Dia pernah menuturkan juga bahwa pernah kebingungan mencari botol, karena stock botol di rumahnya sudah habis, dan ketika membeli botol di toko di daerah dia tinggal, toko di daerah nya itu pun menyatakan bahwa botol juga sudah habis dan masih menunggu pesanan dari Semarang. Berbekal info dari pelanggan rempeyek sang Bunda akhirnya sahabat saya tersebut bisa mendapatkan botol dari seorang distributor botol besar di Semarang sehingga produksi jamu buatannya bisa kembali menggeliat.
Saya punya trik khusus untuk membantu memasarkan jamu buatan sahabat saya tersebut. 3 hari setelah saya memesan untuk pertama kalinya, saya kembali memesan 12 botol dan memberikan kepada tetangga kompleks di sekitar perumahan, dan beberapa saudara serta kolega kenalan saya secara gratis, hingga akhirnya berbuntut repeat order. Yes!!
Jumlah produksi jamu empon - empon sahabat saya tersebut semakin meningkat tajam. Strategi marketing dengan mem - viralkan testimoni enak dan berkhasiatnya jamu itu pun ampuh dalam membantu bisnis ini. Dibandrol dengan harga fantastis Rp. 5000 di kota Salatiga, bisnis jamu sang sahabat laris bak kacang goreng.

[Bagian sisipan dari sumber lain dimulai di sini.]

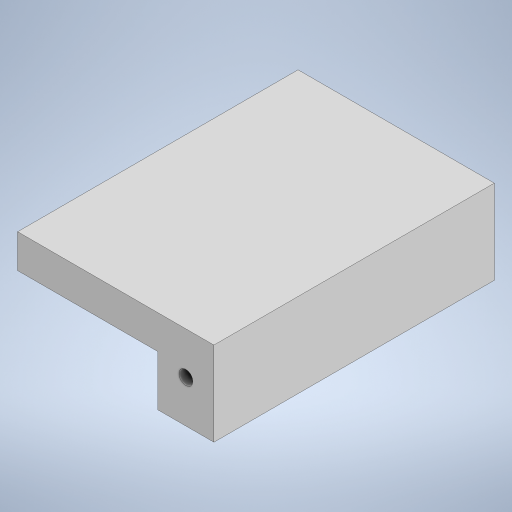
# Autodesk Inventor part: Touchscreen mount L v05
Saved by Autodesk Inventor 2023 (Build 270158000, 158)
## iProperties
Created: 2024-06-29
Part Number: Touchscreen mount L v05
Material: Generic
Document SubType Name: Modeling
Designer: Akramilab
Density: 1 g/cm^3
Appearance: Default
Author: Akramilab
Autodesk Inventor part; units mm, degrees
ref_plane "YZ Plane" through (0, 0, 0) normal (1, 0, 0) x (0, 1, 0)
ref_plane "XZ Plane" through (0, 0, 0) normal (0, 1, 0) x (-1, 0, 0)
ref_plane "XY Plane" through (0, 0, 0) normal (0, 0, 1) x (1, 0, 0)
sketch "Sketch1" plane through (0, 0, 0) normal (0, 0, 1) x (1, 0, 0)
  line L0 (0, 30) -> (20, 30)
  line L1 (20, 30) -> (20, 0)
  line L2 (20, 0) -> (0, 0)
  line L3 (0, 0) -> (0, 30)
  circle A0 centre (10, 15) radius 2.5
  dimension "d0" = 30
  dimension "d1" = 20
  dimension "d5" = 10
  dimension "d6" = 15
  dimension "d7" = 5
  constraints: 8 end point, 2 parallel, 1 centre point, 1 coincident, 1 horizontal, 1 perpendicular
  measures "d0" distance between parallel lines of L2 L0
  measures "d1" distance between parallel lines of L1 L3
  measures "d5" distance from line of point (10, 15) L3
  measures "d6" distance from line of L2 point (10, 15)
  measures "d7" diameter of A0
extrude "Extrusion2" add sketch "Sketch1" along normal blind 25
sketch "Sketch5" plane through (0, 0, 0) normal (0, 0, -1) x (-1, 0, 0)
  line L0 (0, 0) -> (-20, 0) projected
  line L1 (-20, 0) -> (-20, 30) projected
  line L2 (0, 0) -> (-20, 0)
  line L3 (-20, 0) -> (-20, 30)
  line L4 (-20, 30) -> (0, 30)
  line L5 (0, 30) -> (0, 0)
  circle A0 centre (-10, 15) radius 2.5 projected
  circle A1 centre (-10, 15) radius 4.5
  dimension "d17" = 9
  constraints: 8 end point, 2 parallel, 1 centre point, 1 coincident, 1 horizontal, 1 perpendicular
  measures "d17" diameter of A1
extrude "Extrusion5" add sketch "Sketch5" along normal blind 75 contours L0 L1 L4 L5
sketch "Sketch7" plane through (0, 0, -75) normal (0, 0, -1) x (-1, 0, 0)
  line L0 (-20, 30) -> (0, 30) projected
  line L1 (0, 30) -> (50, 30)
  line L2 (50, 30) -> (50, 18)
  line L3 (50, 18) -> (0, 18)
  line L4 (0, 18) -> (0, 30)
  point P0 (0, 0)
  dimension "d25" = 50
  dimension "d26" = 12
  constraints: 8 end point, 2 parallel, 1 horizontal, 1 perpendicular
  measures "d25" distance of L2.end L3.end
  measures "d26" distance of L1.end L2.end
extrude "Extrusion7" add sketch "Sketch7" against normal blind 100
equation "\"d5\" = 0.5 * d1"
equation "\"d6\" = 0.5 * d0"
body "Solid2"
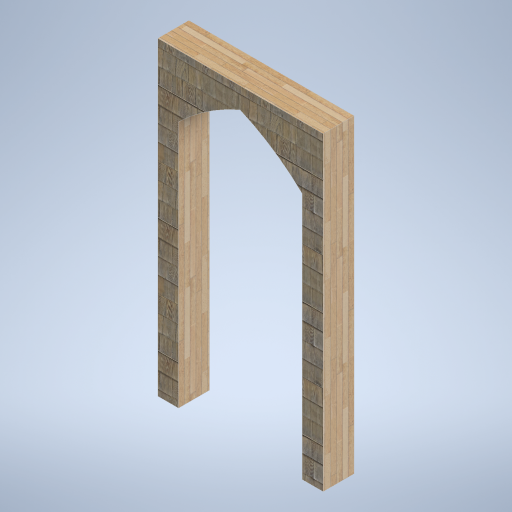
# Autodesk Inventor part: front_wall_block06
Saved by Autodesk Inventor 2024.2 (Build 282272000, 272)
## iProperties
Created: 2024-05-23
Part Number: front_wall_block06
Material: Wood (Maple)
Document SubType Name: Modeling
Designer: LOSTER_1
Density: 0.67 g/cm^3
Appearance: Natural Maple - Glossy Dark Tint
Author: LOSTER_1
Autodesk Inventor part; units mm, degrees
ref_plane "YZ Plane" through (0, 0, 0) normal (1, 0, 0) x (0, 1, 0)
ref_plane "XZ Plane" through (0, 0, 0) normal (0, 1, 0) x (-1, 0, 0)
ref_plane "XY Plane" through (0, 0, 0) normal (0, 0, 1) x (1, 0, 0)
sketch "Sketch1" plane through (0, 0, 0) normal (0, 0, 1) x (1, 0, 0)
  line L0 (-797.6302, 1502.3971) -> (802.3698, 1502.3971)
  line L1 (-797.6302, -1497.6029) -> (-797.6302, 1502.3971)
  line L2 (802.3698, -1497.6029) -> (802.3698, 1502.3971)
  line L3 (-797.6302, -1497.6029) -> (802.3698, -1497.6029)
  point P0 (0, 0)
  constraints: 8 end point, 1 horizontal
extrude "Extrusion1" add sketch "Sketch1" along normal blind 300
sketch "Sketch2" plane through (0, 0, 300) normal (0, 0, 1) x (1, 0, 0)
  line L0 (2.3698, -1497.6029) -> (-2.3622, -1497.6029)
  line L1 (-797.6302, -1495.094) -> (-807.0903, -1495.0642)
  line L2 (-597.6243, 900.5193) -> (-597.6243, -1497.6029)
  line L3 (-597.6243, -1497.6029) -> (-597.6243, 902.3971)
  line L4 (597.6243, 900.5193) -> (597.6243, -1497.6029)
  line L5 (-597.6243, -1497.6029) -> (597.6243, -1497.6029)
  arc A0 (-2.0612, 1300.518) -> (-597.6243, 902.3971) centre (793.6714, -534.3687) ccw
  arc A1 (597.6243, 900.5193) -> (-2.0612, 1300.518) centre (-793.8493, -536.0744) ccw
  point P0 (0, 0)
  point P1 (2.0612, 1300.518)
  dimension "d8" = 2000
  dimension "d9" = 2000
  constraints: 12 end point, 4 point on circle, 2 centre point, 2 point on line, 1 perpendicular
  measures "d8" radius of A0
  measures "d9" radius of A1
extrude "Extrusion2" cut sketch "Sketch2" against normal through all
body "Solid1"

Bukan hanya dapat membayar semua kebutuhan rumah tangganya serta biaya hidup istri dan anaknya, tetapi akhirnya bisnis jamu ini bisa menambah rumpun produk baru di usaha rumahan yang dikelola oleh sang Bunda.
Ketika niat yang baik disandingkan dengan usaha yang kuat dan pantang menyerah, niscaya akan menghasilkan buah manis yang bisa dikecap hasilnya dengan nikmat. Bisnis ini akhirnya bisa menjadi inspirasi awal sahabat saya untuk mencegah kesulitan finansial yang dihadapinya saat pandemi ini.